Below are the records; give again exactly the line with "doc.units = 0", the line with "layer by layer", and each line that lies between them, and nothing besides.

Records contained in a dataset:
------------------------------------

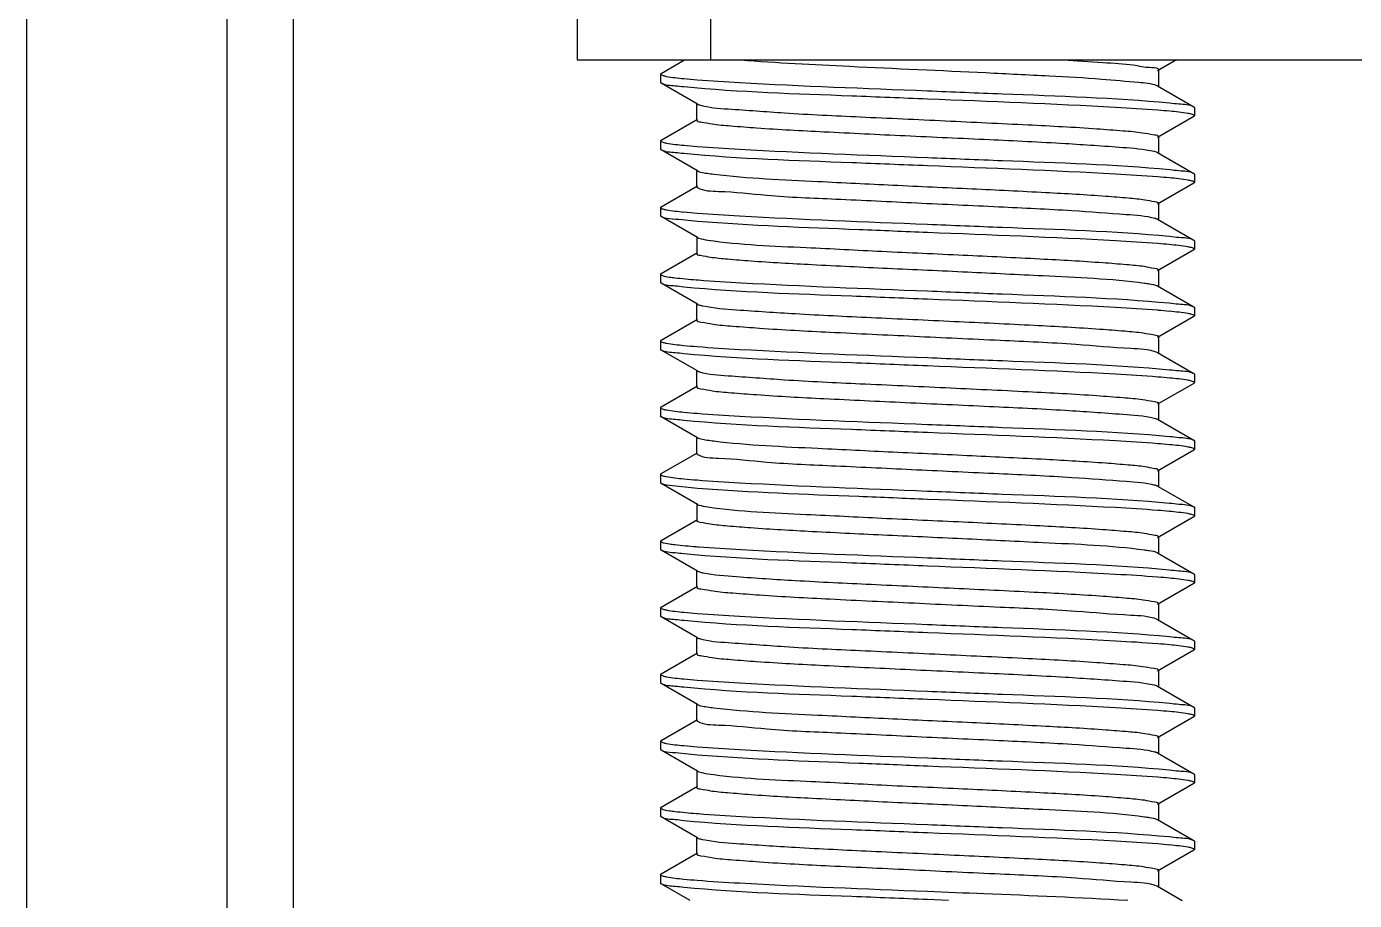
# Model space of a CAD drawing. Extents: x 1382187 to 1725648, y 860327 to 1571294.
# Drawn here: x 1529667.5 to 1529992.9, y 1235524.9 to 1235739.2 of the extents above; entities that cross this region are included whole.
import ezdxf

# ---------------------------------------------------------------- set-up
doc = ezdxf.new("R2010")
doc.units = 0
doc.header["$LTSCALE"] = 1000
doc.header["$MEASUREMENT"] = 0

msp = doc.modelspace()

# ---------------------------------------------------------------- linework, layer by layer
for p, q in [((1529802.41, 1238445.87), (1529802.41, 1235730.96)), ((1529835.12, 1238445.87), (1529835.12, 1235730.96)), ((1529732.9, 1235403.86), (1529732.9, 1236292.77)), ((1529667.48, 1236051.14), (1529667.48, 1235437.38)), ((1529716.54, 1236051.14), (1529716.54, 1235437.38)), ((1529802.41, 1235730.96), (1530137.69, 1235730.96)), ((1529823, 1235727.67), (1529828.7, 1235730.96)), ((1529949.25, 1235730.96), (1529944.66, 1235728.3)), ((1529944.84, 1235728.51), (1529944.84, 1235724.42)), ((1529823, 1235727.67), (1529822.85, 1235727.49)), ((1529822.85, 1235727.49), (1529822.85, 1235725.44)), ((1529823, 1235725.26), (1529822.85, 1235725.44)), ((1529831.88, 1235720.12), (1529823, 1235725.26)), ((1529944.46, 1235724.72), (1529944.66, 1235724.63)), ((1529944.66, 1235724.63), (1529953.54, 1235719.49)), ((1529831.7, 1235716.24), (1529831.7, 1235720.33)), ((1529953.54, 1235719.49), (1529953.69, 1235719.31)), ((1529953.69, 1235719.31), (1529953.69, 1235717.26)), ((1529823, 1235711.31), (1529831.88, 1235716.45)), ((1529953.54, 1235717.09), (1529944.66, 1235711.95)), ((1529953.54, 1235717.09), (1529953.69, 1235717.27)), ((1529944.84, 1235712.15), (1529944.84, 1235708.06)), ((1529823, 1235711.31), (1529822.85, 1235711.13)), ((1529822.85, 1235711.13), (1529822.85, 1235709.09)), ((1529823, 1235708.91), (1529822.85, 1235709.09)), ((1529831.88, 1235703.77), (1529823, 1235708.91)), ((1529944.66, 1235708.27), (1529953.54, 1235703.13)), ((1529831.7, 1235699.89), (1529831.7, 1235703.98)), ((1529831.88, 1235703.77), (1529832.13, 1235703.66)), ((1529953.54, 1235703.13), (1529953.69, 1235702.95)), ((1529953.69, 1235702.95), (1529953.69, 1235700.91)), ((1529823, 1235694.96), (1529831.88, 1235700.09)), ((1529953.54, 1235700.73), (1529944.66, 1235695.59)), ((1529953.54, 1235700.73), (1529953.69, 1235700.91)), ((1529944.84, 1235695.8), (1529944.84, 1235691.71)), ((1529823, 1235694.96), (1529822.85, 1235694.78)), ((1529822.85, 1235694.78), (1529822.85, 1235692.73)), ((1529823, 1235692.55), (1529822.85, 1235692.73)), ((1529831.88, 1235687.41), (1529823, 1235692.55)), ((1529944.66, 1235691.92), (1529953.54, 1235686.78)), ((1529831.7, 1235687.62), (1529831.7, 1235683.53)), ((1529953.54, 1235686.78), (1529953.69, 1235686.6)), ((1529953.69, 1235686.6), (1529953.69, 1235684.55)), ((1529823, 1235678.6), (1529831.88, 1235683.74)), ((1529953.54, 1235684.37), (1529944.66, 1235679.24)), ((1529953.54, 1235684.37), (1529953.69, 1235684.56)), ((1529944.84, 1235679.44), (1529944.84, 1235675.35)), ((1529823, 1235678.6), (1529822.85, 1235678.42)), ((1529822.85, 1235678.42), (1529822.85, 1235676.38)), ((1529823, 1235676.2), (1529822.85, 1235676.38)), ((1529831.88, 1235671.06), (1529823, 1235676.2)), ((1529944.66, 1235675.56), (1529953.54, 1235670.42)), ((1529831.7, 1235667.18), (1529831.7, 1235671.27)), ((1529953.54, 1235670.42), (1529953.69, 1235670.24)), ((1529953.69, 1235670.24), (1529953.69, 1235668.2)), ((1529823, 1235662.24), (1529831.88, 1235667.38)), ((1529953.54, 1235668.02), (1529944.66, 1235662.88)), ((1529953.54, 1235668.02), (1529953.69, 1235668.2)), ((1529944.84, 1235663.09), (1529944.84, 1235659)), ((1529823, 1235662.24), (1529822.85, 1235662.07)), ((1529822.85, 1235662.07), (1529822.85, 1235660.02)), ((1529823, 1235659.84), (1529822.85, 1235660.02)), ((1529831.88, 1235654.7), (1529823, 1235659.84)), ((1529944.46, 1235659.3), (1529944.66, 1235659.21)), ((1529944.66, 1235659.21), (1529953.54, 1235654.07)), ((1529831.7, 1235650.82), (1529831.7, 1235654.91)), ((1529953.54, 1235654.07), (1529953.69, 1235653.89)), ((1529953.69, 1235653.89), (1529953.69, 1235651.84)), ((1529823, 1235645.89), (1529831.88, 1235651.03)), ((1529953.54, 1235651.66), (1529944.66, 1235646.53)), ((1529953.54, 1235651.66), (1529953.69, 1235651.85)), ((1529823, 1235645.89), (1529822.85, 1235645.71)), ((1529822.85, 1235645.71), (1529822.85, 1235643.67)), ((1529823, 1235643.49), (1529822.85, 1235643.67)), ((1529944.84, 1235646.73), (1529944.84, 1235642.64)), ((1529831.88, 1235638.35), (1529823, 1235643.49)), ((1529944.66, 1235642.85), (1529953.54, 1235637.71)), ((1529831.7, 1235634.47), (1529831.7, 1235638.56)), ((1529831.88, 1235638.35), (1529832.13, 1235638.24)), ((1529953.54, 1235637.71), (1529953.69, 1235637.53)), ((1529953.69, 1235637.53), (1529953.69, 1235635.49)), ((1529823, 1235629.53), (1529831.88, 1235634.67)), ((1529953.54, 1235635.31), (1529944.66, 1235630.17)), ((1529953.54, 1235635.31), (1529953.69, 1235635.49)), ((1529823, 1235629.53), (1529822.85, 1235629.36)), ((1529822.85, 1235629.36), (1529822.85, 1235627.31)), ((1529823, 1235627.13), (1529822.85, 1235627.31)), ((1529944.84, 1235630.38), (1529944.84, 1235626.29)), ((1529831.88, 1235621.99), (1529823, 1235627.13)), ((1529944.66, 1235626.5), (1529953.54, 1235621.36)), ((1529831.7, 1235622.2), (1529831.7, 1235618.11)), ((1529953.54, 1235621.36), (1529953.69, 1235621.18)), ((1529953.69, 1235621.18), (1529953.69, 1235619.13)), ((1529823, 1235613.18), (1529831.88, 1235618.32)), ((1529953.54, 1235618.95), (1529944.66, 1235613.82)), ((1529953.54, 1235618.95), (1529953.69, 1235619.13)), ((1529823, 1235613.18), (1529822.85, 1235613)), ((1529822.85, 1235613), (1529822.85, 1235610.96)), ((1529944.84, 1235614.02), (1529944.84, 1235609.93)), ((1529823, 1235610.78), (1529822.85, 1235610.96)), ((1529831.88, 1235605.64), (1529823, 1235610.78)), ((1529944.66, 1235610.14), (1529953.54, 1235605)), ((1529831.7, 1235601.76), (1529831.7, 1235605.85)), ((1529953.54, 1235605), (1529953.69, 1235604.82)), ((1529953.69, 1235604.82), (1529953.69, 1235602.78)), ((1529823, 1235596.82), (1529831.88, 1235601.96)), ((1529953.54, 1235602.6), (1529944.66, 1235597.46)), ((1529953.54, 1235602.6), (1529953.69, 1235602.78)), ((1529823, 1235596.82), (1529822.85, 1235596.65)), ((1529822.85, 1235596.65), (1529822.85, 1235594.6)), ((1529944.84, 1235597.67), (1529944.84, 1235593.58)), ((1529823, 1235594.42), (1529822.85, 1235594.6)), ((1529831.88, 1235589.28), (1529823, 1235594.42)), ((1529944.46, 1235593.88), (1529944.66, 1235593.79)), ((1529944.66, 1235593.79), (1529953.54, 1235588.65)), ((1529831.7, 1235585.4), (1529831.7, 1235589.49)), ((1529953.54, 1235588.65), (1529953.69, 1235588.47)), ((1529953.69, 1235588.47), (1529953.69, 1235586.42)), ((1529823, 1235580.47), (1529831.88, 1235585.61)), ((1529953.54, 1235586.24), (1529944.66, 1235581.11)), ((1529953.54, 1235586.24), (1529953.69, 1235586.42)), ((1529823, 1235580.47), (1529822.85, 1235580.29)), ((1529822.85, 1235580.29), (1529822.85, 1235578.25)), ((1529944.84, 1235581.31), (1529944.84, 1235577.22)), ((1529823, 1235578.07), (1529822.85, 1235578.25)), ((1529831.88, 1235572.93), (1529823, 1235578.07)), ((1529944.66, 1235577.43), (1529953.54, 1235572.29)), ((1529831.7, 1235569.05), (1529831.7, 1235573.14)), ((1529831.88, 1235572.93), (1529832.13, 1235572.81)), ((1529953.54, 1235572.29), (1529953.69, 1235572.11)), ((1529953.69, 1235572.11), (1529953.69, 1235570.07)), ((1529823, 1235564.11), (1529831.88, 1235569.25)), ((1529953.54, 1235569.89), (1529944.66, 1235564.75)), ((1529953.54, 1235569.89), (1529953.69, 1235570.07)), ((1529823, 1235564.11), (1529822.85, 1235563.94)), ((1529822.85, 1235563.94), (1529822.85, 1235561.89)), ((1529944.84, 1235564.96), (1529944.84, 1235560.87)), ((1529823, 1235561.71), (1529822.85, 1235561.89)), ((1529831.88, 1235556.57), (1529823, 1235561.71)), ((1529944.66, 1235561.08), (1529953.54, 1235555.94)), ((1529831.7, 1235556.78), (1529831.7, 1235552.69)), ((1529953.54, 1235555.94), (1529953.69, 1235555.76)), ((1529953.69, 1235555.76), (1529953.69, 1235553.71)), ((1529823, 1235547.76), (1529831.88, 1235552.9)), ((1529953.54, 1235553.53), (1529944.66, 1235548.4)), ((1529953.54, 1235553.53), (1529953.69, 1235553.71)), ((1529823, 1235547.76), (1529822.85, 1235547.58)), ((1529822.85, 1235547.58), (1529822.85, 1235545.54)), ((1529944.84, 1235548.6), (1529944.84, 1235544.51)), ((1529823, 1235545.36), (1529822.85, 1235545.54)), ((1529831.88, 1235540.22), (1529823, 1235545.36)), ((1529944.66, 1235544.72), (1529953.54, 1235539.58)), ((1529831.7, 1235536.34), (1529831.7, 1235540.43)), ((1529953.54, 1235539.58), (1529953.69, 1235539.4)), ((1529823, 1235531.4), (1529831.88, 1235536.54)), ((1529953.54, 1235537.18), (1529944.66, 1235532.04)), ((1529953.54, 1235537.18), (1529953.69, 1235537.36)), ((1529953.69, 1235539.4), (1529953.69, 1235537.36)), ((1529823, 1235531.4), (1529822.85, 1235531.23)), ((1529822.85, 1235531.23), (1529822.85, 1235529.18)), ((1529944.84, 1235532.25), (1529944.84, 1235528.16)), ((1529823, 1235529), (1529822.85, 1235529.18)), ((1529830.11, 1235524.89), (1529823, 1235529)), ((1529944.46, 1235528.46), (1529944.66, 1235528.37)), ((1529944.66, 1235528.37), (1529950.67, 1235524.89)), ((1529893.38, 1235524.89), (1529888.27, 1235525.09))]:
    msp.add_line(p, q)
for centre, radius, start, end in [((1529845.45, 1235901.66), 176.08, 264.4922, 265.5586), ((1529930.4, 1235534.79), 184.41, 84.6378, 85.5439), ((1529845.52, 1235886.22), 177, 264.5118, 265.5533), ((1529930.24, 1235516.54), 186.31, 84.669, 85.543), ((1529845.43, 1235868.73), 175.86, 264.491, 265.556), ((1529942.38, 1235686.13), 6.24, 73.8589, 74.9069), ((1529930.15, 1235499.14), 187.36, 84.6853, 85.5419), ((1529851.45, 1235926.42), 250.15, 265.4503, 265.5766), ((1529930.37, 1235485.42), 184.71, 84.6443, 85.543), ((1529845.45, 1235836.24), 176.08, 264.4922, 265.5586), ((1529930.4, 1235469.37), 184.41, 84.6378, 85.5439), ((1529845.52, 1235820.8), 177, 264.5118, 265.5533), ((1529930.24, 1235451.12), 186.31, 84.669, 85.543), ((1529845.43, 1235803.31), 175.86, 264.491, 265.556), ((1529942.38, 1235620.71), 6.24, 73.8589, 74.9069), ((1529930.15, 1235433.72), 187.36, 84.6853, 85.5419), ((1529851.45, 1235861), 250.15, 265.4503, 265.5766), ((1529930.37, 1235420), 184.71, 84.6443, 85.543), ((1529845.45, 1235770.82), 176.08, 264.4922, 265.5586), ((1529930.4, 1235403.95), 184.41, 84.6378, 85.5439), ((1529845.52, 1235755.38), 177, 264.5118, 265.5533), ((1529930.24, 1235385.7), 186.31, 84.669, 85.543), ((1529845.43, 1235737.89), 175.86, 264.491, 265.556), ((1529942.38, 1235555.29), 6.24, 73.8589, 74.9069), ((1529930.15, 1235368.3), 187.36, 84.6853, 85.5419), ((1529851.45, 1235795.58), 250.15, 265.4503, 265.5766), ((1529930.37, 1235354.58), 184.71, 84.6443, 85.543), ((1529845.45, 1235705.4), 176.08, 264.4922, 265.5586)]:
    msp.add_arc(centre, radius, start, end)
for points, knots in [([(1529842.49, 1235730.96), (1529851.39, 1235730.27), (1529871.42, 1235729.27), (1529896.64, 1235728.16), (1529917.21, 1235727.11), (1529929.73, 1235726.47), (1529938.45, 1235725.6), (1529943.06, 1235725.28), (1529944.46, 1235724.72)], [0, 0, 0, 0, 0.261947, 0.58881, 0.740857, 0.866927, 0.955861, 1, 1, 1, 1]), ([(1529921.5, 1235730.96), (1529924.76, 1235730.78), (1529930.32, 1235730.37), (1529938.12, 1235729.99), (1529941.69, 1235729.12), (1529944.84, 1235729.07), (1529944.84, 1235728.51)], [0, 0, 0, 0, 0.416017, 0.731219, 0.928612, 1, 1, 1, 1]), ([(1529822.85, 1235727.49), (1529822.85, 1235727.41), (1529823.09, 1235727.23), (1529823.31, 1235727.17), (1529823.47, 1235727.13)], [0, 0, 0, 0, 0.322656, 1, 1, 1, 1]), ([(1529828.59, 1235724.34), (1529827.88, 1235724.41), (1529826.04, 1235724.67), (1529824.02, 1235724.67), (1529823.01, 1235725.26)], [0, 0, 0, 0, 0.378132, 1, 1, 1, 1]), ([(1529823.47, 1235727.13), (1529823.73, 1235727.05), (1529825.41, 1235726.7), (1529827.11, 1235726.53), (1529828.54, 1235726.39)], [0, 0, 0, 0, 0.159145, 1, 1, 1, 1]), ([(1529831.81, 1235726.11), (1529835.27, 1235725.83), (1529854.08, 1235724.7), (1529872.92, 1235724.01), (1529888.27, 1235723.4)], [0, 0, 0, 0, 0.184477, 1, 1, 1, 1]), ([(1529888.27, 1235721.35), (1529882.09, 1235721.6), (1529862.2, 1235722.45), (1529842.27, 1235723.01), (1529828.59, 1235724.34)], [0, 0, 0, 0, 0.310323, 1, 1, 1, 1]), ([(1529888.27, 1235723.4), (1529894.38, 1235723.15), (1529914.17, 1235722.31), (1529933.99, 1235721.73), (1529947.61, 1235720.44)], [0, 0, 0, 0, 0.308852, 1, 1, 1, 1]), ([(1529831.88, 1235720.12), (1529831.95, 1235720.08), (1529832.11, 1235720.01), (1529832.28, 1235719.96), (1529832.38, 1235719.93)], [0, 0, 0, 0, 0.430479, 1, 1, 1, 1]), ([(1529832.38, 1235719.93), (1529834.65, 1235719.25), (1529841.69, 1235718.84), (1529854.77, 1235717.79), (1529872.54, 1235716.98), (1529892.46, 1235716.05), (1529911.76, 1235715.14), (1529926.39, 1235714.38), (1529935.56, 1235713.66), (1529940.55, 1235713.27), (1529942.91, 1235712.74), (1529944.84, 1235712.52), (1529944.84, 1235712.15)], [0, 0, 0, 0, 0.062951, 0.18524, 0.350271, 0.535399, 0.715185, 0.864922, 0.92187, 0.964113, 0.990297, 1, 1, 1, 1]), ([(1529944.73, 1235718.64), (1529941.26, 1235718.92), (1529922.45, 1235720.05), (1529903.62, 1235720.74), (1529888.27, 1235721.35)], [0, 0, 0, 0, 0.18453, 1, 1, 1, 1]), ([(1529947.61, 1235720.44), (1529948.37, 1235720.37), (1529950.32, 1235720.09), (1529952.46, 1235720.11), (1529953.53, 1235719.49)], [0, 0, 0, 0, 0.37931, 1, 1, 1, 1]), ([(1529831.7, 1235716.24), (1529831.7, 1235715.89), (1529833.58, 1235715.66), (1529835.88, 1235715.14), (1529840.75, 1235714.75), (1529849.71, 1235714.04), (1529864.05, 1235713.29), (1529883.03, 1235712.39), (1529902.76, 1235711.48), (1529920.56, 1235710.65), (1529933.98, 1235709.68), (1529941.28, 1235709.17), (1529943.78, 1235708.57)], [0, 0, 0, 0, 0.00951, 0.035123, 0.076469, 0.132247, 0.279239, 0.456494, 0.640275, 0.805971, 0.931424, 1, 1, 1, 1]), ([(1529952.95, 1235717.66), (1529952.67, 1235717.73), (1529950.91, 1235718.08), (1529949.12, 1235718.25), (1529947.63, 1235718.39)], [0, 0, 0, 0, 0.163145, 1, 1, 1, 1]), ([(1529953.69, 1235717.27), (1529953.69, 1235717.36), (1529953.39, 1235717.54), (1529953.14, 1235717.61), (1529952.95, 1235717.66)], [0, 0, 0, 0, 0.315061, 1, 1, 1, 1]), ([(1529822.85, 1235711.13), (1529822.85, 1235711.05), (1529823.1, 1235710.88), (1529823.32, 1235710.82), (1529823.48, 1235710.77)], [0, 0, 0, 0, 0.322005, 1, 1, 1, 1]), ([(1529828.54, 1235707.99), (1529827.84, 1235708.06), (1529826.01, 1235708.32), (1529824.01, 1235708.32), (1529823.01, 1235708.91)], [0, 0, 0, 0, 0.377931, 1, 1, 1, 1]), ([(1529823.48, 1235710.77), (1529823.74, 1235710.69), (1529825.43, 1235710.34), (1529827.15, 1235710.17), (1529828.59, 1235710.03)], [0, 0, 0, 0, 0.159397, 1, 1, 1, 1]), ([(1529831.8, 1235709.75), (1529835.26, 1235709.48), (1529854.08, 1235708.34), (1529872.91, 1235707.65), (1529888.27, 1235707.04)], [0, 0, 0, 0, 0.184455, 1, 1, 1, 1]), ([(1529888.27, 1235705), (1529882.08, 1235705.24), (1529862.17, 1235706.1), (1529842.22, 1235706.66), (1529828.54, 1235707.99)], [0, 0, 0, 0, 0.310595, 1, 1, 1, 1]), ([(1529888.27, 1235707.04), (1529894.39, 1235706.8), (1529914.18, 1235705.95), (1529934, 1235705.37), (1529947.63, 1235704.08)], [0, 0, 0, 0, 0.308927, 1, 1, 1, 1]), ([(1529943.78, 1235708.57), (1529943.96, 1235708.53), (1529944.26, 1235708.45), (1529944.55, 1235708.33), (1529944.66, 1235708.27)], [0, 0, 0, 0, 0.59312, 1, 1, 1, 1]), ([(1529832.13, 1235703.66), (1529832.32, 1235703.58), (1529833.56, 1235703.25), (1529834.83, 1235703.1), (1529835.9, 1235702.97)], [0, 0, 0, 0, 0.158312, 1, 1, 1, 1]), ([(1529835.9, 1235702.97), (1529844.37, 1235701.94), (1529859.04, 1235701.32), (1529880.13, 1235700.24), (1529898.76, 1235699.42), (1529916.1, 1235698.56), (1529928.96, 1235697.85), (1529936.91, 1235697.19), (1529941.18, 1235696.82), (1529943.22, 1235696.36), (1529944.84, 1235696.11), (1529944.84, 1235695.8)], [0, 0, 0, 0, 0.234088, 0.402448, 0.579889, 0.745639, 0.880314, 0.930897, 0.968237, 0.991317, 1, 1, 1, 1]), ([(1529944.72, 1235702.29), (1529941.25, 1235702.56), (1529922.45, 1235703.7), (1529903.62, 1235704.39), (1529888.27, 1235705)], [0, 0, 0, 0, 0.184554, 1, 1, 1, 1]), ([(1529947.63, 1235704.08), (1529948.38, 1235704.01), (1529950.33, 1235703.74), (1529952.46, 1235703.75), (1529953.53, 1235703.13)], [0, 0, 0, 0, 0.379296, 1, 1, 1, 1]), ([(1529831.7, 1235699.89), (1529831.7, 1235699.85), (1529831.75, 1235699.76), (1529831.83, 1235699.71), (1529831.87, 1235699.69)], [0, 0, 0, 0, 0.402304, 1, 1, 1, 1]), ([(1529831.87, 1235699.69), (1529833.39, 1235698.79), (1529839.44, 1235698.83), (1529850.48, 1235697.46), (1529866.8, 1235696.86), (1529885.72, 1235695.9), (1529905.02, 1235695.02), (1529922.17, 1235694.21), (1529934.88, 1235693.23), (1529941.73, 1235692.77), (1529944.01, 1235692.16)], [0, 0, 0, 0, 0.046973, 0.152409, 0.303029, 0.479455, 0.658932, 0.818305, 0.937036, 1, 1, 1, 1]), ([(1529953.01, 1235701.28), (1529952.73, 1235701.36), (1529950.92, 1235701.73), (1529949.09, 1235701.9), (1529947.55, 1235702.05)], [0, 0, 0, 0, 0.159617, 1, 1, 1, 1]), ([(1529953.69, 1235700.91), (1529953.69, 1235700.99), (1529953.42, 1235701.17), (1529953.19, 1235701.24), (1529953.01, 1235701.28)], [0, 0, 0, 0, 0.317967, 1, 1, 1, 1]), ([(1529822.85, 1235694.78), (1529822.85, 1235694.7), (1529823.08, 1235694.53), (1529823.29, 1235694.47), (1529823.44, 1235694.43)], [0, 0, 0, 0, 0.324871, 1, 1, 1, 1]), ([(1529831.89, 1235691.35), (1529829.85, 1235691.51), (1529826.95, 1235691.91), (1529823.83, 1235692.08), (1529823.01, 1235692.55)], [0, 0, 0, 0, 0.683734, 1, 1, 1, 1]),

------------------------------------

▶ _RESPONSE TO THIS EXERCISE_
doc.units = 0
doc.header["$LTSCALE"] = 1000
doc.header["$MEASUREMENT"] = 0

msp = doc.modelspace()

# ---------------------------------------------------------------- linework, layer by layer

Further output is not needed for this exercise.